Search the records below for the line containing "Sum4/1 -> Transfer Fcn4/1". Output that line and all later lines exactly; output nothing else.

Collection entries

== Segment start ==

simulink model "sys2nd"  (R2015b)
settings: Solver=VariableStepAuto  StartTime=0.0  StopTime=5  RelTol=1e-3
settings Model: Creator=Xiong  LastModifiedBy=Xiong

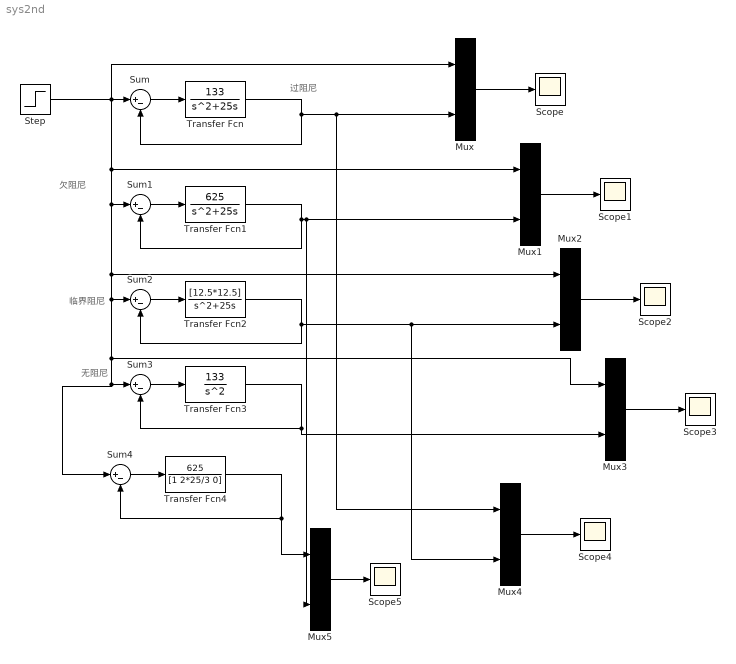
== system sys2nd ==
  note: 无阻尼
  note: 临界阻尼
  note: 过阻尼
  note: 欠阻尼
  Mux{,1..5} (6 alike) : Mux  Inputs=2
  Scope{,1..5} (6 alike) : Scope
  Step : Step  SampleTime=0
  Sum{,1..4} (5 alike) : Sum  Inputs=|+-
  Transfer Fcn : TransferFcn  Numerator=[133]  Denominator=[1 25 0]
  Transfer Fcn1 : TransferFcn  Numerator=[625]  Denominator=[1 25 0]
  Transfer Fcn2 : TransferFcn  Numerator=[12.5*12.5]  Denominator=[1 25 0]
  Transfer Fcn3 : TransferFcn  Numerator=[133]  Denominator=[1 0 0]
  Transfer Fcn4 : TransferFcn  Numerator=[625]  Denominator=[1 2*25/3 0]
  wires:
  Mux/1 -> Scope/1
  Sum/1 -> Transfer Fcn/1
  Transfer Fcn1/1 -> Mux1/2, Mux5/2, Sum1/2
  Sum1/1 -> Transfer Fcn1/1
  Sum2/1 -> Transfer Fcn2/1
  Transfer Fcn3/1 -> Mux3/2, Sum3/2
  Sum3/1 -> Transfer Fcn3/1
  Mux1/1 -> Scope1/1
  Mux2/1 -> Scope2/1
  Mux3/1 -> Scope3/1
  Transfer Fcn2/1 -> Mux4/2, Mux2/2, Sum2/2
  Transfer Fcn/1 -> Mux4/1, Mux/2, Sum/2
  Mux4/1 -> Scope4/1
  Transfer Fcn4/1 -> Mux5/1, Sum4/2
  Sum4/1 -> Transfer Fcn4/1
  Step/1 -> Mux1/1, Mux2/1, Sum4/1, Sum3/1, Mux3/1, Sum2/1, Sum1/1, Mux/1, Sum/1
  Mux5/1 -> Scope5/1

== Segment end ==

§ Final answer:
  Sum4/1 -> Transfer Fcn4/1
  Step/1 -> Mux1/1, Mux2/1, Sum4/1, Sum3/1, Mux3/1, Sum2/1, Sum1/1, Mux/1, Sum/1
  Mux5/1 -> Scope5/1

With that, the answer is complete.